Valga también la reedición de este ensayo como un homenaje al irremplazable Jorge.
Ariel Castillo Mier se aproxima a la presencia de
Macondo, las etapas de su historia, las relaciones con la
geografía y la historia regional del Caribe colombiano y
su significación en la obra de García Márquez. El poeta
e historiador Álvaro Miranda examina el ambiente cultural de Aracataca por los años 30, fuertemente marcado
por la impronta católica, cuando existían 6 periódicos, en
uno de los cuales publicaba el padre de García Márquez.

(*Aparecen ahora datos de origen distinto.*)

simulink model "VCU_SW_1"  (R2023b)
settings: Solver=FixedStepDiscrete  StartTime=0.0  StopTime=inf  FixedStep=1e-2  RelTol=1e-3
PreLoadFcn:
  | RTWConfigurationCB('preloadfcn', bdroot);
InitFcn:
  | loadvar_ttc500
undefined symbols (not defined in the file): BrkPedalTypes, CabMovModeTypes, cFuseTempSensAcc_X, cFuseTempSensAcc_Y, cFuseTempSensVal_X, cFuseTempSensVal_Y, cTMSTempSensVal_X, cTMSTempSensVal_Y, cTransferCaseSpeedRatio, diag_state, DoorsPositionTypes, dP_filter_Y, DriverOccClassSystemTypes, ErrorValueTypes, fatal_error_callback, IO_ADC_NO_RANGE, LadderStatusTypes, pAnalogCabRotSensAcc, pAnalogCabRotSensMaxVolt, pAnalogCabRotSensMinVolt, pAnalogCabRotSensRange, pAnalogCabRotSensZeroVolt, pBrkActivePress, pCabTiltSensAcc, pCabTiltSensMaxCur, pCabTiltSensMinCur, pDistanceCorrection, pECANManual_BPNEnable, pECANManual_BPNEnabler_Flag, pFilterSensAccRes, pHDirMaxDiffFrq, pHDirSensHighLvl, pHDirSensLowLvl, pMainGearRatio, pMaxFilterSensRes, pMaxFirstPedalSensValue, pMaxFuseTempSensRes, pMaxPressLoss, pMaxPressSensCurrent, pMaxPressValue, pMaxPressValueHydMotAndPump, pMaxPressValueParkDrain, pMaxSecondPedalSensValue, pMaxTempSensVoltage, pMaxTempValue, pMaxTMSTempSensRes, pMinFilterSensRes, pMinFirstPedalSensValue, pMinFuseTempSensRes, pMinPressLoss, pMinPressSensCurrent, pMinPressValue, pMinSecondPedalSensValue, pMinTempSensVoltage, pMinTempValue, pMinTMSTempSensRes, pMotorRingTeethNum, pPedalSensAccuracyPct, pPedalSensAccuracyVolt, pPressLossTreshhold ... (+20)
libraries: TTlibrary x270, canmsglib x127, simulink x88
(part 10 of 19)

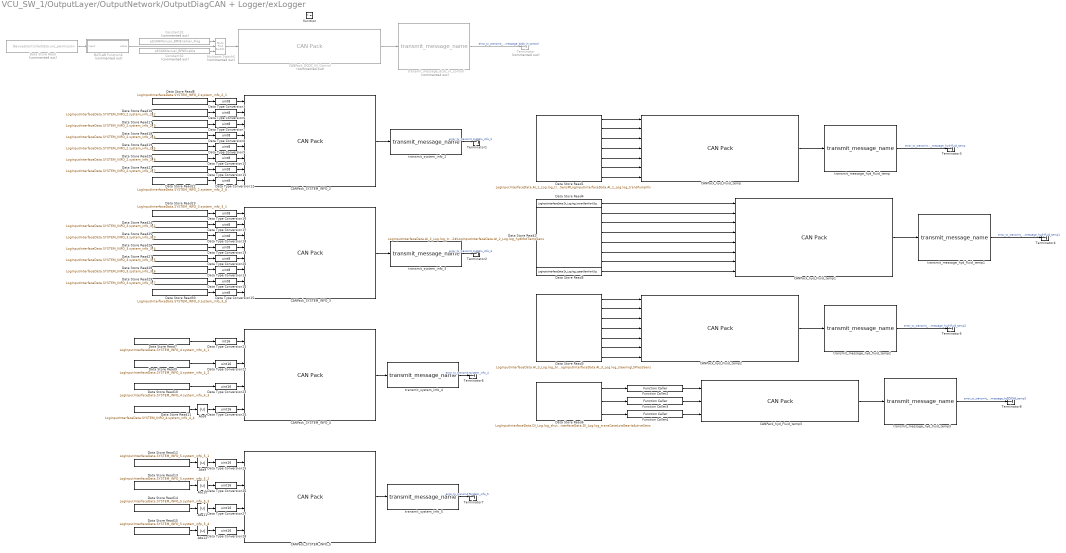
== system VCU_SW_1/OutputLayer/OutputNetwork/OutputDiagCAN + Logger/exLogger ==
  function : TriggerPort  TriggerType=function-call  VariantControl=Variant
  Abs{8..12} (5 alike) : Abs  SaturateOnIntegerOverflow=off
  CANPack_DCDC_IN_Control : canmsglib/CAN Pack  Commented=on  CANdbFile=C:\Users\shevchenko\Desktop\HerculesLittle\HerculesLittle\database\ElectricCAN.dbc  MsgList=(none)  MsgName=DCDC_IN_Control  MsgIDType=Extended (29-bit identifier)  MsgIdentifier=73  MsgLength=8  Remote=off  ApplyMinMax=off  BusOutput=on  SignalInfo={'BPN_Enable','0','1','LE','unsigned','Standard','0','1','0','0','1'}
      settings: DataFormat=CANdb specified signals
  CANPack_SYSTEM_INFO_2 : canmsglib/CAN Pack  MsgList=(none)  MsgName=SYSTEM_INFO_2  MsgIDType=Extended (29-bit identifier)  MsgIdentifier=419387898  MsgLength=8  Remote=off  ApplyMinMax=off  BusOutput=on  SignalInfo={ 'system_info_2_1', '0', '8', 'LE', 'unsigned', 'Standard', '0', '1', '0', '0', '255'; 'system_info_2_2', '8', '8', 'LE', 'unsigned', 'Standard', '0', '1', '0', '0', '255'; 'system_info_2_3', '16', '8', 'LE', 'unsigned', 'Standard', '0', '1', '0', '0', '255'; 'system_info_2_4', '24', '8', 'LE', 'unsigned', 'Standard', '0', '1', '0', '0', '255'; 'system_info_2_5', '32', '8', 'LE', 'unsigned', 'Standard', '0', '1', '0', '0', '255'; 'system_info_2_6', '40', '8', 'LE', 'unsigned', 'Standard', '0', '1', '0', '0', '255'; 'system_info_2_7', '48', '8', 'LE', 'unsigned', 'Standard', '0', '1', '0', '0', '255'; 'system_info_2_8', '56', '8', 'LE', 'unsigned', 'Standard', '0', '1', '0', '0', '255' }
      settings: DataFormat=manually specified signals
  CANPack_SYSTEM_INFO_3 : canmsglib/CAN Pack  MsgList=(none)  MsgName=SYSTEM_INFO_3  MsgIDType=Extended (29-bit identifier)  MsgIdentifier=419389690  MsgLength=8  Remote=off  ApplyMinMax=off  BusOutput=on  SignalInfo={ 'system_info_3_1', '0', '8', 'LE', 'unsigned', 'Standard', '0', '1', '0', '0', '255'; 'system_info_3_2', '8', '8', 'LE', 'unsigned', 'Standard', '0', '1', '0', '0', '255'; 'system_info_3_3', '16', '8', 'LE', 'unsigned', 'Standard', '0', '1', '0', '0', '255'; 'system_info_3_4', '24', '8', 'LE', 'unsigned', 'Standard', '0', '1', '0', '0', '255'; 'system_info_3_5', '32', '8', 'LE', 'unsigned', 'Standard', '0', '1', '0', '0', '255'; 'system_info_3_6', '40', '8', 'LE', 'unsigned', 'Standard', '0', '1', '0', '0', '255'; 'system_info_3_7', '48', '8', 'LE', 'unsigned', 'Standard', '0', '1', '0', '0', '255'; 'system_info_3_8', '56', '8', 'LE', 'unsigned', 'Standard', '0', '1', '0', '0', '255' }
      settings: DataFormat=manually specified signals
  CANPack_SYSTEM_INFO_4 : canmsglib/CAN Pack  MsgList=(none)  MsgName=SYSTEM_INFO_4  MsgIDType=Extended (29-bit identifier)  MsgIdentifier=419389946  MsgLength=8  Remote=off  ApplyMinMax=off  BusOutput=on  SignalInfo={ 'system_info_4_1', '0', '16', 'LE', 'unsigned', 'Standard', '0', '1', '-32768', '0', '32767'; 'system_info_4_2', '16', '16', 'LE', 'unsigned', 'Standard', '0', '1', '0', '0', '65535'; 'system_info_4_3', '32', '16', 'LE', 'unsigned', 'Standard', '0', '1', '0', '0', '65535'; 'system_info_4_4', '48', '16', 'LE', 'unsigned', 'Standard', '0', '1', '0', '0', '65535' }
      settings: DataFormat=manually specified signals
  CANPack_SYSTEM_INFO_5 : canmsglib/CAN Pack  MsgList=(none)  MsgName=SYSTEM_INFO_5  MsgIDType=Extended (29-bit identifier)  MsgIdentifier=419390202  MsgLength=8  Remote=off  ApplyMinMax=off  BusOutput=on  SignalInfo={ 'system_info_5_1', '0', '16', 'LE', 'unsigned', 'Standard', '0', '1', '0', '0', '65535'; 'system_info_5_2', '16', '16', 'LE', 'unsigned', 'Standard', '0', '1', '0', '0', '65535'; 'system_info_5_3', '32', '16', 'LE', 'unsigned', 'Standard', '0', '1', '0', '0', '65535'; 'system_info_5_4', '48', '16', 'LE', 'unsigned', 'Standard', '0', '1', '0', '0', '65535' }
      settings: DataFormat=manually specified signals
  CANPack_hyd_Fluid_temp : canmsglib/CAN Pack  MsgList=(none)  MsgName=Log_AI_1  MsgIDType=Extended (29-bit identifier)  MsgIdentifier=402657831  MsgLength=8  Remote=off  ApplyMinMax=off  BusOutput=on  SignalInfo={ 'TrHydPumpDirectSens', '24', '8', 'LE', 'unsigned', 'Standard', '0', '1', '0', '0', '255'; 'TrHydPumpFilterClogSens', '8', '8', 'LE', 'unsigned', 'Standard', '0', '2', '0', '0', '510'; 'TrHydPumpSpeedSens1', '32', '8', 'LE', 'unsigned', 'Standard', '0', '50', '0', '0', '12750'; 'TrHydPumpSpeedSens2', '16', '8', 'LE', 'unsigned', 'Standard', '0', '50', '0', '0', '12750'; 'TrHydPumpTempSens', '40', '8', 'LE', 'unsigned', 'Standard', '0', '10', '0', '0', '2550'; 'TrHydPumpWasherTiltSens', '0', '8', 'LE', 'unsigned', 'Standard', '0', '20', '0', '0', '5100'; 'TransmissionMotorHydDistr', '48', '8', 'LE', 'unsigned', 'Standard', '0', '4', '0', '0', '1020' }
      settings: DataFormat=manually specified signals
  CANPack_hyd_Fluid_temp1 : canmsglib/CAN Pack  MsgList=(none)  MsgName=Log_AI_2  MsgIDType=Extended (29-bit identifier)  MsgIdentifier=402658087  MsgLength=8  Remote=off  ApplyMinMax=off  BusOutput=on  SignalInfo={ 'LowerGeneratorSignal', '56', '8', 'LE', 'unsigned', 'Standard', '0', '1', '0', '0', '255'; 'TrHydMotDirectSens', '16', '8', 'LE', 'unsigned', 'Standard', '0', '1', '0', '0', '255'; 'TrHydMotPressLineInForwardSens', '40', '8', 'LE', 'unsigned', 'Standard', '0', '100', '0', '0', '25500'; 'TrHydMotPressLineInReverseSens', '32', '8', 'LE', 'unsigned', 'Standard', '0', '100', '0', '0', '25500'; 'TrHydMotSpeedSens1', '0', '8', 'LE', 'unsigned', 'Standard', '0', '50', '0', '0', '12750'; 'TrHydMotSpeedSens2', '8', '8', 'LE', 'unsigned', 'Standard', '0', '50', '0', '0', '12750'; 'TrHydMotTempSens', '24', '8', 'LE', 'unsigned', 'Standard', '0', '10', '0', '0', '2550'; 'UpperGeneratorSignal', '48', '8', 'LE', 'unsigned', 'Standard', '0', '1', '0', '0', '255' }
      settings: DataFormat=manually specified signals
  CANPack_hyd_Fluid_temp2 : canmsglib/CAN Pack  MsgList=(none)  MsgName=Log_AI_3_Brake  MsgIDType=Extended (29-bit identifier)  MsgIdentifier=402658599  MsgLength=8  Remote=off  ApplyMinMax=off  BusOutput=on  SignalInfo={ 'BrkFrontCircPressSens', '16', '8', 'LE', 'unsigned', 'Standard', '0', '100', '0', '0', '25500'; 'BrkFrontSupplyCircPressSens', '40', '8', 'LE', 'unsigned', 'Standard', '0', '100', '0', '0', '25500'; 'BrkParkCircPressSens', '48', '8', 'LE', 'unsigned', 'Standard', '0', '100', '0', '0', '25500'; 'BrkParkSupplyCircPressSens', '24', '8', 'LE', 'unsigned', 'Standard', '0', '100', '0', '0', '25500'; 'BrkRearCircPressSens', '8', '8', 'LE', 'unsigned', 'Standard', '0', '100', '0', '0', '25500'; 'BrkRearSupplyCircPressSens', '32', '8', 'LE', 'unsigned', 'Standard', '0', '100', '0', '0', '25500'; 'StrAndBrkLSPressSens', '0', '8', 'LE', 'unsigned', 'Standard', '0', '100', '0', '0', '25500' }
      settings: DataFormat=manually specified signals
  CANPack_hyd_Fluid_temp3 : canmsglib/CAN Pack  MsgList=(none)  MsgName=Log_DI  MsgIDType=Extended (29-bit identifier)  MsgIdentifier=402658343  MsgLength=8  Remote=off  ApplyMinMax=off  BusOutput=on  SignalInfo={ 'ShutdownButtonSignal', '16', '2', 'LE', 'unsigned', 'Standard', '0', '1', '0', '0', '3'; 'TCHighGearIsActiveSens', '0', '2', 'LE', 'unsigned', 'Standard', '0', '1', '0', '0', '3'; 'TCLowGearIsActiveSens', '8', '2', 'LE', 'unsigned', 'Standard', '0', '1', '0', '0', '3' }
      settings: DataFormat=manually specified signals
  Constant31 : Constant  Commented=on  Value=pECANManual_BPNEnabler_Flag
  Constant32 : Constant  Commented=on  Value=pECANManual_BPNEnable
  Data Store Read : DataStoreRead  Commented=on  DataStoreName=DevicesControllerData  DataStoreElements=DevicesControllerData.ovc_permission  IndexOptions=Index vector (dialog)  Indices=1  OutputSizes=1
  Data Store Read1 : DataStoreRead  DataStoreName=LogInputInterfaceData  DataStoreElements=LogInputInterfaceData.AI_1_Log.log_transmPumpDirSens#LogInputInterfaceData.AI_1_Log.log_filterClogSens#LogInputInterfaceData.AI_1_Log.log_transPumpSpdSensSig1#LogInputInterfaceData.AI_1_Log.log_transPumpSpdSensSig2#LogInputInterfaceData.AI_1_Log.log_transPumpTempSens#LogInputInterfaceData.AI_1_Log.log_washerTiltPumpTransSens#LogInputInterfaceData.AI_1_Log.log_transPumpVlv  IndexOptions=Index vector (dialog)  Indices=1  OutputSizes=1
  Data Store Read10 : DataStoreRead  DataStoreName=LogInputInterfaceData  DataStoreElements=LogInputInterfaceData.SYSTEM_INFO_4.system_info_4_3  IndexOptions=Index vector (dialog)  Indices=1  OutputSizes=1
  Data Store Read11 : DataStoreRead  DataStoreName=LogInputInterfaceData  DataStoreElements=LogInputInterfaceData.SYSTEM_INFO_4.system_info_4_4  IndexOptions=Index vector (dialog)  Indices=1  OutputSizes=1
  Data Store Read12 : DataStoreRead  DataStoreName=LogInputInterfaceData  DataStoreElements=LogInputInterfaceData.SYSTEM_INFO_5.system_info_5_1  IndexOptions=Index vector (dialog)  Indices=1  OutputSizes=1
  Data Store Read13 : DataStoreRead  DataStoreName=LogInputInterfaceData  DataStoreElements=LogInputInterfaceData.SYSTEM_INFO_5.system_info_5_2  IndexOptions=Index vector (dialog)  Indices=1  OutputSizes=1
  Data Store Read14 : DataStoreRead  DataStoreName=LogInputInterfaceData  DataStoreElements=LogInputInterfaceData.SYSTEM_INFO_5.system_info_5_3  IndexOptions=Index vector (dialog)  Indices=1  OutputSizes=1
  Data Store Read15 : DataStoreRead  DataStoreName=LogInputInterfaceData  DataStoreElements=LogInputInterfaceData.SYSTEM_INFO_5.system_info_5_4  IndexOptions=Index vector (dialog)  Indices=1  OutputSizes=1
  Data Store Read16 : DataStoreRead  DataStoreName=LogInputInterfaceData  DataStoreElements=LogInputInterfaceData.SYSTEM_INFO_2.system_info_2_2  IndexOptions=Index vector (dialog)  Indices=1  OutputSizes=1
  Data Store Read17 : DataStoreRead  DataStoreName=LogInputInterfaceData  DataStoreElements=LogInputInterfaceData.SYSTEM_INFO_2.system_info_2_3  IndexOptions=Index vector (dialog)  Indices=1  OutputSizes=1
  Data Store Read18 : DataStoreRead  DataStoreName=LogInputInterfaceData  DataStoreElements=LogInputInterfaceData.SYSTEM_INFO_2.system_info_2_4  IndexOptions=Index vector (dialog)  Indices=1  OutputSizes=1
  Data Store Read19 : DataStoreRead  DataStoreName=LogInputInterfaceData  DataStoreElements=LogInputInterfaceData.SYSTEM_INFO_2.system_info_2_5  IndexOptions=Index vector (dialog)  Indices=1  OutputSizes=1
  Data Store Read2 : DataStoreRead  DataStoreName=LogInputInterfaceData  DataStoreElements=LogInputInterfaceData.AI_2_Log.log_transmMotDirSens#LogInputInterfaceData.AI_2_Log.log_hydMotPressLinePressSens#LogInputInterfaceData.AI_2_Log.log_reverseTransmMotPessLinePressSens#LogInputInterfaceData.AI_2_Log.log_transmHydMotSpdSensSig1#LogInputInterfaceData.AI_2_Log.log_transmHydMotSpdSensSig2#LogInputInterfaceData.AI_2_Log.log_hydMotTempSens  IndexOptions=Index vector (dialog)  Indices=1  OutputSizes=1
  Data Store Read20 : DataStoreRead  DataStoreName=LogInputInterfaceData  DataStoreElements=LogInputInterfaceData.SYSTEM_INFO_2.system_info_2_6  IndexOptions=Index vector (dialog)  Indices=1  OutputSizes=1
  Data Store Read21 : DataStoreRead  DataStoreName=LogInputInterfaceData  DataStoreElements=LogInputInterfaceData.SYSTEM_INFO_2.system_info_2_7  IndexOptions=Index vector (dialog)  Indices=1  OutputSizes=1
  Data Store Read22 : DataStoreRead  DataStoreName=LogInputInterfaceData  DataStoreElements=LogInputInterfaceData.SYSTEM_INFO_2.system_info_2_8  IndexOptions=Index vector (dialog)  Indices=1  OutputSizes=1
  Data Store Read23 : DataStoreRead  DataStoreName=LogInputInterfaceData  DataStoreElements=LogInputInterfaceData.SYSTEM_INFO_3.system_info_3_1  IndexOptions=Index vector (dialog)  Indices=1  OutputSizes=1
  Data Store Read24 : DataStoreRead  DataStoreName=LogInputInterfaceData  DataStoreElements=LogInputInterfaceData.SYSTEM_INFO_3.system_info_3_2  IndexOptions=Index vector (dialog)  Indices=1  OutputSizes=1
  Data Store Read25 : DataStoreRead  DataStoreName=LogInputInterfaceData  DataStoreElements=LogInputInterfaceData.SYSTEM_INFO_3.system_info_3_3  IndexOptions=Index vector (dialog)  Indices=1  OutputSizes=1
  Data Store Read26 : DataStoreRead  DataStoreName=LogInputInterfaceData  DataStoreElements=LogInputInterfaceData.SYSTEM_INFO_3.system_info_3_4  IndexOptions=Index vector (dialog)  Indices=1  OutputSizes=1
  Data Store Read27 : DataStoreRead  DataStoreName=LogInputInterfaceData  DataStoreElements=LogInputInterfaceData.SYSTEM_INFO_3.system_info_3_5  IndexOptions=Index vector (dialog)  Indices=1  OutputSizes=1
  Data Store Read28 : DataStoreRead  DataStoreName=LogInputInterfaceData  DataStoreElements=LogInputInterfaceData.SYSTEM_INFO_3.system_info_3_6  IndexOptions=Index vector (dialog)  Indices=1  OutputSizes=1
  Data Store Read29 : DataStoreRead  DataStoreName=LogInputInterfaceData  DataStoreElements=LogInputInterfaceData.SYSTEM_INFO_3.system_info_3_7  IndexOptions=Index vector (dialog)  Indices=1  OutputSizes=1
  Data Store Read3 : DataStoreRead  DataStoreName=LogInputInterfaceData  DataStoreElements=LogInputInterfaceData.AI_3_Log.log_brkFrontCircPressSens#LogInputInterfaceData.AI_3_Log.log_brkSupplyFrontPressSens#LogInputInterfaceData.AI_3_Log.drainParkPressSens#LogInputInterfaceData.AI_3_Log.log_brkSupplyParkPressSens#LogInputInterfaceData.AI_3_Log.log_brkRearCircPressSens#LogInputInterfaceData.AI_3_Log.log_brkSupplyRearPressSens#LogInputInterfaceData.AI_3_Log.log_steeringLSPressSens  IndexOptions=Index vector (dialog)  Indices=1  OutputSizes=1
  Data Store Read30 : DataStoreRead  DataStoreName=LogInputInterfaceData  DataStoreElements=LogInputInterfaceData.SYSTEM_INFO_3.system_info_3_8  IndexOptions=Index vector (dialog)  Indices=1  OutputSizes=1
  Data Store Read4 : DataStoreRead  DataStoreName=LogInputInterfaceData  DataStoreElements=LogInputInterfaceData.DI_Log.log_lowerGenWorkSig  IndexOptions=Index vector (dialog)  Indices=1  OutputSizes=1
  Data Store Read5 : DataStoreRead  DataStoreName=LogInputInterfaceData  DataStoreElements=LogInputInterfaceData.DI_Log.log_upperGenWorkSig  IndexOptions=Index vector (dialog)  Indices=1  OutputSizes=1
  Data Store Read6 : DataStoreRead  DataStoreName=LogInputInterfaceData  DataStoreElements=LogInputInterfaceData.DI_Log.log_shutdownButtonSig#LogInputInterfaceData.DI_Log.log_transCaseHighGearIsActiveSens#LogInputInterfaceData.DI_Log.log_transCaseLowGearIsActiveSens  IndexOptions=Index vector (dialog)  Indices=1  OutputSizes=1
  Data Store Read7 : DataStoreRead  DataStoreName=LogInputInterfaceData  DataStoreElements=LogInputInterfaceData.SYSTEM_INFO_4.system_info_4_1  IndexOptions=Index vector (dialog)  Indices=1  OutputSizes=1
  Data Store Read8 : DataStoreRead  DataStoreName=LogInputInterfaceData  DataStoreElements=LogInputInterfaceData.SYSTEM_INFO_2.system_info_2_1  IndexOptions=Index vector (dialog)  Indices=1  OutputSizes=1
  Data Store Read9 : DataStoreRead  DataStoreName=LogInputInterfaceData  DataStoreElements=LogInputInterfaceData.SYSTEM_INFO_4.system_info_4_2  IndexOptions=Index vector (dialog)  Indices=1  OutputSizes=1
  Data Type Conversion{3,6..20} (16 alike) : DataTypeConversion  OutDataTypeStr=uint8  SaturateOnIntegerOverflow=off  RndMeth=Floor
  Data Type Conversion21 : DataTypeConversion  OutDataTypeStr=int16  SaturateOnIntegerOverflow=off  RndMeth=Floor
  Data Type Conversion{22..28} (7 alike) : DataTypeConversion  OutDataTypeStr=uint16  SaturateOnIntegerOverflow=off  RndMeth=Floor
  Function Caller2 : FunctionCaller  FunctionPrototype=rawValue = convDIOSttTypeToNum(enumValue)  InputArgumentSpecifications=<Enter example>  OutputArgumentSpecifications=<Enter example>
  Function Caller3 : FunctionCaller  FunctionPrototype=rawValue = convDIOSttTypeToNum(enumValue)  InputArgumentSpecifications=<Enter example>  OutputArgumentSpecifications=<Enter example>
  Function Caller4 : FunctionCaller  FunctionPrototype=rawValue = convDIOSttTypeToNum(enumValue)  InputArgumentSpecifications=<Enter example>  OutputArgumentSpecifications=<Enter example>
  MATLAB Function6 : MATLAB Function  Commented=on  TreatAsAtomicUnit=on
  Multiport Switch5 : MultiPortSwitch  Commented=on  DataPortOrder=Zero-based contiguous  Inputs=2  zeroidx=on  SaturateOnIntegerOverflow=off  InputSameDT=off
  Terminator : Terminator  Commented=on
  Terminator{1..8} (8 alike) : Terminator
  transmit_message_dcdc_in_control : TTlibrary/CAN/transmit_message_name  Commented=on  channel=IO_CAN_CHANNEL_0  id_format=IO_CAN_STD_FRAME  retranslation=off  io_error=on  sample_time=-1
      settings: SourceProductName=TT control 500 series
  transmit_message_hyd_fluid_temp{,1..3} (4 alike) : TTlibrary/CAN/transmit_message_name  channel=IO_CAN_CHANNEL_6  id_format=IO_CAN_EXT_FRAME  retranslation=off  io_error=on  sample_time=-1
      settings: SourceProductName=TT control 500 series
  transmit_system_info_{2..5} (4 alike) : TTlibrary/CAN/transmit_message_name  channel=IO_CAN_CHANNEL_6  id_format=IO_CAN_EXT_FRAME  retranslation=off  io_error=on  sample_time=-1
      settings: SourceProductName=TT control 500 series
  wires:
  Data Type Conversion27/1 -> CANPack_SYSTEM_INFO_5/3
  CANPack_SYSTEM_INFO_5/1 -> transmit_system_info_5/1
  Constant32/1 -> Multiport Switch5/3
  CANPack_DCDC_IN_Control/1 -> transmit_message_dcdc_in_control/1
  Data Type Conversion16/1 -> CANPack_SYSTEM_INFO_3/1
  transmit_system_info_3/1 -> Terminator2/1  "error_tx_transmit_system_info_3"
  Abs10/1 -> Data Type Conversion26/1
  Data Type Conversion10/1 -> CANPack_SYSTEM_INFO_2/6
  Data Type Conversion20/1 -> CANPack_SYSTEM_INFO_3/5
  Data Store Read2/6 -> CANPack_hyd_Fluid_temp1/7
  Data Type Conversion25/1 -> CANPack_SYSTEM_INFO_5/1
  CANPack_hyd_Fluid_temp1/1 -> transmit_message_hyd_fluid_temp1/1
  transmit_system_info_2/1 -> Terminator1/1  "error_tx_transmit_system_info_2"
  CANPack_SYSTEM_INFO_3/1 -> transmit_system_info_3/1
  Data Type Conversion8/1 -> CANPack_SYSTEM_INFO_2/4
  Data Type Conversion21/1 -> CANPack_SYSTEM_INFO_4/1
  Data Type Conversion7/1 -> CANPack_SYSTEM_INFO_2/3
  transmit_message_dcdc_in_control/1 -> Terminator/1  "error_tx_transmit_message_dcdc_in_control"
  Data Type Conversion9/1 -> CANPack_SYSTEM_INFO_2/5
  Data Type Conversion19/1 -> CANPack_SYSTEM_INFO_3/4
  Data Store Read6/2 -> Function Caller3/1
  Data Type Conversion17/1 -> CANPack_SYSTEM_INFO_3/2
  CANPack_hyd_Fluid_temp3/1 -> transmit_message_hyd_fluid_temp3/1
  Data Store Read1/3 -> CANPack_hyd_Fluid_temp/3
  transmit_message_hyd_fluid_temp1/1 -> Terminator4/1  "error_tx_transmit_message_hyd_fluid_temp1"
  transmit_message_hyd_fluid_temp/1 -> Terminator3/1  "error_tx_transmit_message_hyd_fluid_temp"
  Function Caller2/1 -> CANPack_hyd_Fluid_temp3/1
  Constant31/1 -> Multiport Switch5/1
  Data Type Conversion28/1 -> CANPack_SYSTEM_INFO_5/4
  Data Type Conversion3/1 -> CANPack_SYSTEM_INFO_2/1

Miranda relata varias anécdotas que pudieron integrar la
obra garciamarquiana así como personajes y situaciones
que, de seguro, estimularon la invención de Macondo.
Por su parte el investigador Nicolás Pernett aborda la
llegada, la presencia y la partida de la compañía bananera
United Fruit Company para ilustrar la manera particular
con la cual García Márquez representa este episodio nacional, así como las críticas que le formula.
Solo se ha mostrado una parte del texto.